Is there any obstacle, that prevents to add to GLSL ternary operator, that can handle gvec
operands?
vec x, y;
bvec b = lessThan(x, y);
vec min = b ? x : y;
(dimensionality omitted above)
It is pain to duplicate code every time.
Is there any obstacle, that prevents to add to GLSL ternary operator, that can handle gvec
operands?
vec x, y;
bvec b = lessThan(x, y);
vec min = b ? x : y;
(dimensionality omitted above)
It is pain to duplicate code every time.
Then don’t duplicate it. Use mix
instead:
vec min = mix(y, x, lessThan(x, y));
This seems like a bit of a hack, but mix
has specific overloads for taking boolean vectors and doing boolean conditions on the two vector arguments.

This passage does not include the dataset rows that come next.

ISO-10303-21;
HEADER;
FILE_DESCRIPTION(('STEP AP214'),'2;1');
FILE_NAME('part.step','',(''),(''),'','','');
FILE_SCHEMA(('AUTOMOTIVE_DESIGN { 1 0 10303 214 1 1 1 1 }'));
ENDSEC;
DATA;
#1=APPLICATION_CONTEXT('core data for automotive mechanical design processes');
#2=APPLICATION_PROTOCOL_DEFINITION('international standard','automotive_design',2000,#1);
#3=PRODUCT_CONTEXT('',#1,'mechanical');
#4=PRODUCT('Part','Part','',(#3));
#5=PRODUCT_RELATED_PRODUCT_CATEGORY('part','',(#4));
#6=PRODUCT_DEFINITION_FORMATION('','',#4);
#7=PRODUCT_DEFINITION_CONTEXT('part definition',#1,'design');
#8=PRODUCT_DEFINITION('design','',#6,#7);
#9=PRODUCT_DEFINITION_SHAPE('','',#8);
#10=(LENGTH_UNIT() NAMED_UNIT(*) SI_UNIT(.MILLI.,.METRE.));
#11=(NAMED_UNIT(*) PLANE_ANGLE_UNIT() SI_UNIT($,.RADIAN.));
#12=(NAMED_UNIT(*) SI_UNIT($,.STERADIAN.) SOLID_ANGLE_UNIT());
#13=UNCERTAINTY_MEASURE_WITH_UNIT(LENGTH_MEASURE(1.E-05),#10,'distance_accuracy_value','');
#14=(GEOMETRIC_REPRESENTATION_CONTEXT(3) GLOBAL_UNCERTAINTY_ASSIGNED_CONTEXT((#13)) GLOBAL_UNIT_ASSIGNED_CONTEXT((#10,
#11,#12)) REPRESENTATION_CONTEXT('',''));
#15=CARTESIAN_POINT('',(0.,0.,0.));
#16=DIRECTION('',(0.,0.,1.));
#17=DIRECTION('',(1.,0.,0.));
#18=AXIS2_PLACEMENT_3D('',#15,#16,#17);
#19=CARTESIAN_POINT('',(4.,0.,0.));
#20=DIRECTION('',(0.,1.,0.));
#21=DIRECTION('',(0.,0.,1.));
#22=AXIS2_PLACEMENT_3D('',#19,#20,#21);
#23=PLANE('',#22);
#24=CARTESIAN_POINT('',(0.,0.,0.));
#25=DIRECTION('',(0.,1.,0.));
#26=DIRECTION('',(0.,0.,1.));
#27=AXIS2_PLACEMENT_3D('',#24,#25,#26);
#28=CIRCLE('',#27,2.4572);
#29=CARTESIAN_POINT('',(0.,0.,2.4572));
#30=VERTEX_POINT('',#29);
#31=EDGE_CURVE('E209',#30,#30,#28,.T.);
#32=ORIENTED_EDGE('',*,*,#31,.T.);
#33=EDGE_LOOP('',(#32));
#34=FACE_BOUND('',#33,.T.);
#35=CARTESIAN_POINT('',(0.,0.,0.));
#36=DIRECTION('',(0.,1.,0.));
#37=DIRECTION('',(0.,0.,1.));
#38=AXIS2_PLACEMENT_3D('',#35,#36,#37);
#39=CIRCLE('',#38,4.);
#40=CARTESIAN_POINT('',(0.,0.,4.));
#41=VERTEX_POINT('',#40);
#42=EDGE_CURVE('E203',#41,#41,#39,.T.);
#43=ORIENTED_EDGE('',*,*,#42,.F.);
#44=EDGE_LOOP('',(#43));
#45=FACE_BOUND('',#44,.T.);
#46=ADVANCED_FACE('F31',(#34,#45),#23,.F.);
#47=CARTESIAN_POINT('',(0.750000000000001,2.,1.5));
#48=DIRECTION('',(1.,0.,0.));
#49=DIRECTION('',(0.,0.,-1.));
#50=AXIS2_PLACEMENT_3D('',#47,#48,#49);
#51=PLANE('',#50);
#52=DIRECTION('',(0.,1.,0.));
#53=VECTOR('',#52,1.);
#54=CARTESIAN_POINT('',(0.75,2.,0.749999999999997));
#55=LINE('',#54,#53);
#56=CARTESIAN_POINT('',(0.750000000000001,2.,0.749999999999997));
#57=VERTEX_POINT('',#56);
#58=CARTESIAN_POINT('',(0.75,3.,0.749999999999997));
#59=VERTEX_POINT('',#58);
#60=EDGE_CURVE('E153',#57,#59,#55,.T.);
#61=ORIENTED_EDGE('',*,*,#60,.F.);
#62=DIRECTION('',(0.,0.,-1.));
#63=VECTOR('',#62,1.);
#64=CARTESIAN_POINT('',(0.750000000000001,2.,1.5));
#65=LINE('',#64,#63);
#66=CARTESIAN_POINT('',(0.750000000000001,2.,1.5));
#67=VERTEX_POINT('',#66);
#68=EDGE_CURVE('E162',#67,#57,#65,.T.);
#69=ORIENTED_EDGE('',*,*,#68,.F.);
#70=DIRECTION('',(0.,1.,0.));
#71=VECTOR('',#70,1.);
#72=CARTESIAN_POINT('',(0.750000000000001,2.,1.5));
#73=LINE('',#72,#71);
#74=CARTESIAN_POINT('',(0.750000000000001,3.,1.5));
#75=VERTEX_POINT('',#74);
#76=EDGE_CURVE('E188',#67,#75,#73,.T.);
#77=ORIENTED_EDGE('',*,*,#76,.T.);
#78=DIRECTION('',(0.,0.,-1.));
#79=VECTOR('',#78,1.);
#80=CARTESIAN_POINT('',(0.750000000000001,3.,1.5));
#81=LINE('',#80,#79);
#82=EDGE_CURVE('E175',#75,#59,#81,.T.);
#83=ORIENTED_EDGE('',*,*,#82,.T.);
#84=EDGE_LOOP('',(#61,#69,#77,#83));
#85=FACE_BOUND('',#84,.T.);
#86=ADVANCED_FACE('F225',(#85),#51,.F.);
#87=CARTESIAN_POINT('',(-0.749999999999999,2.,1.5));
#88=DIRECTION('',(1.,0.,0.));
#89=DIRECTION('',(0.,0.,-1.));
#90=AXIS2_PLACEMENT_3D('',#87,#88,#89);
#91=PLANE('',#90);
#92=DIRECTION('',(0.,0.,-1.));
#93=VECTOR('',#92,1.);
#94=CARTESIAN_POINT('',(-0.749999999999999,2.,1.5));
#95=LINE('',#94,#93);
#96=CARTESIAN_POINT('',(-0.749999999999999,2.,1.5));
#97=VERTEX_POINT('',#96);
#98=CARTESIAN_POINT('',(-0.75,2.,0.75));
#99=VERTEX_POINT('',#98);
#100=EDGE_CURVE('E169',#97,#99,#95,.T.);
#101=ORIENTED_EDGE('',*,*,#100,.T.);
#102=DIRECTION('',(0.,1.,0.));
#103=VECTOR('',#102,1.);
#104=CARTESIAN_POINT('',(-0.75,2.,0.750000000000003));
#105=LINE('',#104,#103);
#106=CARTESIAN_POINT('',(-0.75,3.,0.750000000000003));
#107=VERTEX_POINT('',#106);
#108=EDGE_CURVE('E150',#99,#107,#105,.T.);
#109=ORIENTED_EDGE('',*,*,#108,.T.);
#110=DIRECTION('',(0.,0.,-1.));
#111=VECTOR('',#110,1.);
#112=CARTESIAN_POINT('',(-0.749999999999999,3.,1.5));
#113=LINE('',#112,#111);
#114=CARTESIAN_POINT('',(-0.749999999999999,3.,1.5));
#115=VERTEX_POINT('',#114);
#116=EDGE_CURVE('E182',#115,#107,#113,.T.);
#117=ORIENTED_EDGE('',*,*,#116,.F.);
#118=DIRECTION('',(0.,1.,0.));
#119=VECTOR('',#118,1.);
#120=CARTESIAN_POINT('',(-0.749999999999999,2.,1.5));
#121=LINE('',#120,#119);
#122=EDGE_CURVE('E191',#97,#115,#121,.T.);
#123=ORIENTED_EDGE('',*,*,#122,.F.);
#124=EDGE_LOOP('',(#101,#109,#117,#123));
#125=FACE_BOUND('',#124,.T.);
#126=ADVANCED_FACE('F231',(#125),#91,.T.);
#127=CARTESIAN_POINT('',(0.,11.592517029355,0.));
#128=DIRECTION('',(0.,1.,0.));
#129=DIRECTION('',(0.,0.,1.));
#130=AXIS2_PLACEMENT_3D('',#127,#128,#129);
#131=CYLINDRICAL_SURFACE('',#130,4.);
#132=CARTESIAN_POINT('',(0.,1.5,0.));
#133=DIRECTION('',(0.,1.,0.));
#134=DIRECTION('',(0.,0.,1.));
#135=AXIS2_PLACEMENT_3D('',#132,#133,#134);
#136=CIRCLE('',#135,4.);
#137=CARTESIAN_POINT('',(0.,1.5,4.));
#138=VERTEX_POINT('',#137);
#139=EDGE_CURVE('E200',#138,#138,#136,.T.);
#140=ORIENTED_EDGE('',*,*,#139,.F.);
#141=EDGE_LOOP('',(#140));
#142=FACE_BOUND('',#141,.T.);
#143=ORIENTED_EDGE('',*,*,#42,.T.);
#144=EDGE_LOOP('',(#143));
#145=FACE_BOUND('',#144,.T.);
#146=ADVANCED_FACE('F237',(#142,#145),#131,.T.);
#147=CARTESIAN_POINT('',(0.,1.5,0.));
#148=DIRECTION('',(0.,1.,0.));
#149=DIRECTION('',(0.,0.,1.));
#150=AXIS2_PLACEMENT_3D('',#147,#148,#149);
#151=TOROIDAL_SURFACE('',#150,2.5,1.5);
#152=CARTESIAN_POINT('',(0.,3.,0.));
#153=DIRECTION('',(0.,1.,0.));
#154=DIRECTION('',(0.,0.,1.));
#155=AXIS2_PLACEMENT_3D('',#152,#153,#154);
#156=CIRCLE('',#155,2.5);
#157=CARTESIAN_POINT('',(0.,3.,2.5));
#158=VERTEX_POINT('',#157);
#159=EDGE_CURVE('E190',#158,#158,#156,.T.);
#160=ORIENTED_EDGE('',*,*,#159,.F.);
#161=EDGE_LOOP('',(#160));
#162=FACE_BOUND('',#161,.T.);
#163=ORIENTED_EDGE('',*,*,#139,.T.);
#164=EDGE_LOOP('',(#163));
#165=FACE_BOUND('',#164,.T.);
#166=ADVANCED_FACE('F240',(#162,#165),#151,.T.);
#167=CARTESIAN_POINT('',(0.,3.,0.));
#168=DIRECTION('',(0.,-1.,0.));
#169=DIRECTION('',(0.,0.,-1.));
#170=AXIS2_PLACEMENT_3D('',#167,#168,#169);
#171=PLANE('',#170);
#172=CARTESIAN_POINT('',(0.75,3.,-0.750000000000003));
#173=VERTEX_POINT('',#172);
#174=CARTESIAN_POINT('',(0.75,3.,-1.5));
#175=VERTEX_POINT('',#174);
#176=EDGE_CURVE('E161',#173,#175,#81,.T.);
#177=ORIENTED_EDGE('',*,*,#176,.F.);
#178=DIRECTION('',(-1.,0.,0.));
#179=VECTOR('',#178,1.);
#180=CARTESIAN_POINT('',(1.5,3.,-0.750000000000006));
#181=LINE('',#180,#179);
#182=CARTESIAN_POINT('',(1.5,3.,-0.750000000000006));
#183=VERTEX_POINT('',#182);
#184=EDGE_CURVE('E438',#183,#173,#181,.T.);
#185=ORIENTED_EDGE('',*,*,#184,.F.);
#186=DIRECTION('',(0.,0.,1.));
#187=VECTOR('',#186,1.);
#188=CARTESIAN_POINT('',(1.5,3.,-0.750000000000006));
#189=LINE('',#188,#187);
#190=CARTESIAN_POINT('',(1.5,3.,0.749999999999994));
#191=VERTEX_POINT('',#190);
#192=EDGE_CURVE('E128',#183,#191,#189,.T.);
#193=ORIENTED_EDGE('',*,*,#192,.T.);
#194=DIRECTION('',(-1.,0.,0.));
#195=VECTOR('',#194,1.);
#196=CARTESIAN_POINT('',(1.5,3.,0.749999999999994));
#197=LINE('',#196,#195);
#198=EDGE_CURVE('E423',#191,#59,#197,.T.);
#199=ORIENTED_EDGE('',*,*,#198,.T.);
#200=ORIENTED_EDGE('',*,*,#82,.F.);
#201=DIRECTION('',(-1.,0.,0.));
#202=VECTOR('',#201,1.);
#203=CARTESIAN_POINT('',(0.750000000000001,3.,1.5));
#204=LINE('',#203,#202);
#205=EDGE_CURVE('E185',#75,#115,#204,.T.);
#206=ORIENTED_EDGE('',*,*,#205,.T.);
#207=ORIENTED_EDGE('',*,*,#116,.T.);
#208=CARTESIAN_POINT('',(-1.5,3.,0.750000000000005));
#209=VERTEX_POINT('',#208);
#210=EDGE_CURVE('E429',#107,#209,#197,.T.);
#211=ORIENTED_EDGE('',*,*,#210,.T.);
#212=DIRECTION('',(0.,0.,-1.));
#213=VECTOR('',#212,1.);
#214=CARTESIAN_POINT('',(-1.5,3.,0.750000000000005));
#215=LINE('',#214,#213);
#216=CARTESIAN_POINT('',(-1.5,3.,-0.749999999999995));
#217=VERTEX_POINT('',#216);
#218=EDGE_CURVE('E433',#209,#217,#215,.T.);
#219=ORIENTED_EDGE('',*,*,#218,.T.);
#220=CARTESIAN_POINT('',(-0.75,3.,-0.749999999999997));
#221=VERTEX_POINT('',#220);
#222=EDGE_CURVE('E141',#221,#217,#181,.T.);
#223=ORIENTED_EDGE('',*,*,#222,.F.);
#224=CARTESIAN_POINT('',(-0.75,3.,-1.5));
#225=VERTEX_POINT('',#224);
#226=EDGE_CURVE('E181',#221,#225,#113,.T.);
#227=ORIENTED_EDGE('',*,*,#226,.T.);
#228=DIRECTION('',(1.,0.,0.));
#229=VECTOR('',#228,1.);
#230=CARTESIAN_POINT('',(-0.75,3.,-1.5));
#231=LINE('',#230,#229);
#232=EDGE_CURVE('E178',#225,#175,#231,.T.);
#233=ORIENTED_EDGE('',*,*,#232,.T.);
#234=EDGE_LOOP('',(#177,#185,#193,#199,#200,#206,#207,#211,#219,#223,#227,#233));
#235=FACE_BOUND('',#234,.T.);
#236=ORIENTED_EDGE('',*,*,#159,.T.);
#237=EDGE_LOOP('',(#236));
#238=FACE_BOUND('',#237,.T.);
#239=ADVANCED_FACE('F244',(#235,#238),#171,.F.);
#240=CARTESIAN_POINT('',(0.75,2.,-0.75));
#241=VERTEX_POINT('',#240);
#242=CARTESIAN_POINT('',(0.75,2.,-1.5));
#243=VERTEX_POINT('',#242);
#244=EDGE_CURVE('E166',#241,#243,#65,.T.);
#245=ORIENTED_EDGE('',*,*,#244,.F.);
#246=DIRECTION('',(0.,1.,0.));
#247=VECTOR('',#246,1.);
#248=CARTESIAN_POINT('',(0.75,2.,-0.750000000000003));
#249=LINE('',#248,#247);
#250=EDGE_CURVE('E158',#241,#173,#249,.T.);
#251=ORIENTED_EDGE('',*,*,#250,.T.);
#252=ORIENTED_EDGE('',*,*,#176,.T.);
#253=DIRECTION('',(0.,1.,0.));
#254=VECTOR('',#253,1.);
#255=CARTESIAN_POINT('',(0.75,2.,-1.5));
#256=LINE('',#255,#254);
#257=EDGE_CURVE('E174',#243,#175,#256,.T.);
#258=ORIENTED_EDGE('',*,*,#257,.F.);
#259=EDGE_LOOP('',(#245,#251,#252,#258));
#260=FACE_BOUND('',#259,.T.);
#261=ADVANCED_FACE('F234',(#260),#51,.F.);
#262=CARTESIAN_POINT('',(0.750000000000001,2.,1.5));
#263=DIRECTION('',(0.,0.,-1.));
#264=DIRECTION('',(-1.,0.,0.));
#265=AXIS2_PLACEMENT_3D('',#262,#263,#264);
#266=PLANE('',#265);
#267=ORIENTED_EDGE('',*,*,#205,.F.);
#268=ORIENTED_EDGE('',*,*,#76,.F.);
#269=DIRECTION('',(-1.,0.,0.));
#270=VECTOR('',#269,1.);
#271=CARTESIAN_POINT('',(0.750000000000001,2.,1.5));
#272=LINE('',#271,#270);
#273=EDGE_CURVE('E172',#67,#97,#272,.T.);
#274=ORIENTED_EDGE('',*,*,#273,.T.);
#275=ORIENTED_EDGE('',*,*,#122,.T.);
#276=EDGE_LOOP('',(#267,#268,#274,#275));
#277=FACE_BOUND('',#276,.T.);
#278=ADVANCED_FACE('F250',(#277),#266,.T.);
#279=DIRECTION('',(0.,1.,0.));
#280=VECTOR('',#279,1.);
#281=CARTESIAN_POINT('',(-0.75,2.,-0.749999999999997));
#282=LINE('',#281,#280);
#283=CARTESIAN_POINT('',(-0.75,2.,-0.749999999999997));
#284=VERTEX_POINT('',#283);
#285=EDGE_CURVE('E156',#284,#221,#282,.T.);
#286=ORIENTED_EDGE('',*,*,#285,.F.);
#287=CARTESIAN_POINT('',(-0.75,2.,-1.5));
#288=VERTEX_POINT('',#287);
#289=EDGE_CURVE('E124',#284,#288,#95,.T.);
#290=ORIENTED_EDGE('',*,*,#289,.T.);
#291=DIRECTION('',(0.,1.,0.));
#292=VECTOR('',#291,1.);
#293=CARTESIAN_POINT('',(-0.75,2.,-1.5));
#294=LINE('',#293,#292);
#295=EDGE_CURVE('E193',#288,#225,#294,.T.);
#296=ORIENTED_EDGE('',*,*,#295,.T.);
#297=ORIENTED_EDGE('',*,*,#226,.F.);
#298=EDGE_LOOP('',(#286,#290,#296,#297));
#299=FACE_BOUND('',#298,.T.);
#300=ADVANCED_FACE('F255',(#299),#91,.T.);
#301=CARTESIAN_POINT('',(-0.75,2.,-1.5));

The language probably isn’t going to be changed to add vector-wise relational operators, so just use standard library functions.
mix() with a boolean vector is the intended way to do what you want. It supports:
genFType mix (genFType x , genFType y , genBType a )
genDType mix (genDType x , genDType y , genBType a )
genIType mix (genIType x , genIType y , genBType a )
genUType mix (genUType x , genUType y , genBType a )
genBType mix (genBType x , genBType y , genBType a )
(?: on a vector condition is a different thing than on a scalar condition, making it itself an overloaded operator and a bit of a hack. But, with mix doing the job, it does seem unlikely to add ?: as syntactic sugar for it, complicating existing descriptions about scalar ?: that would not apply to vector ?:.)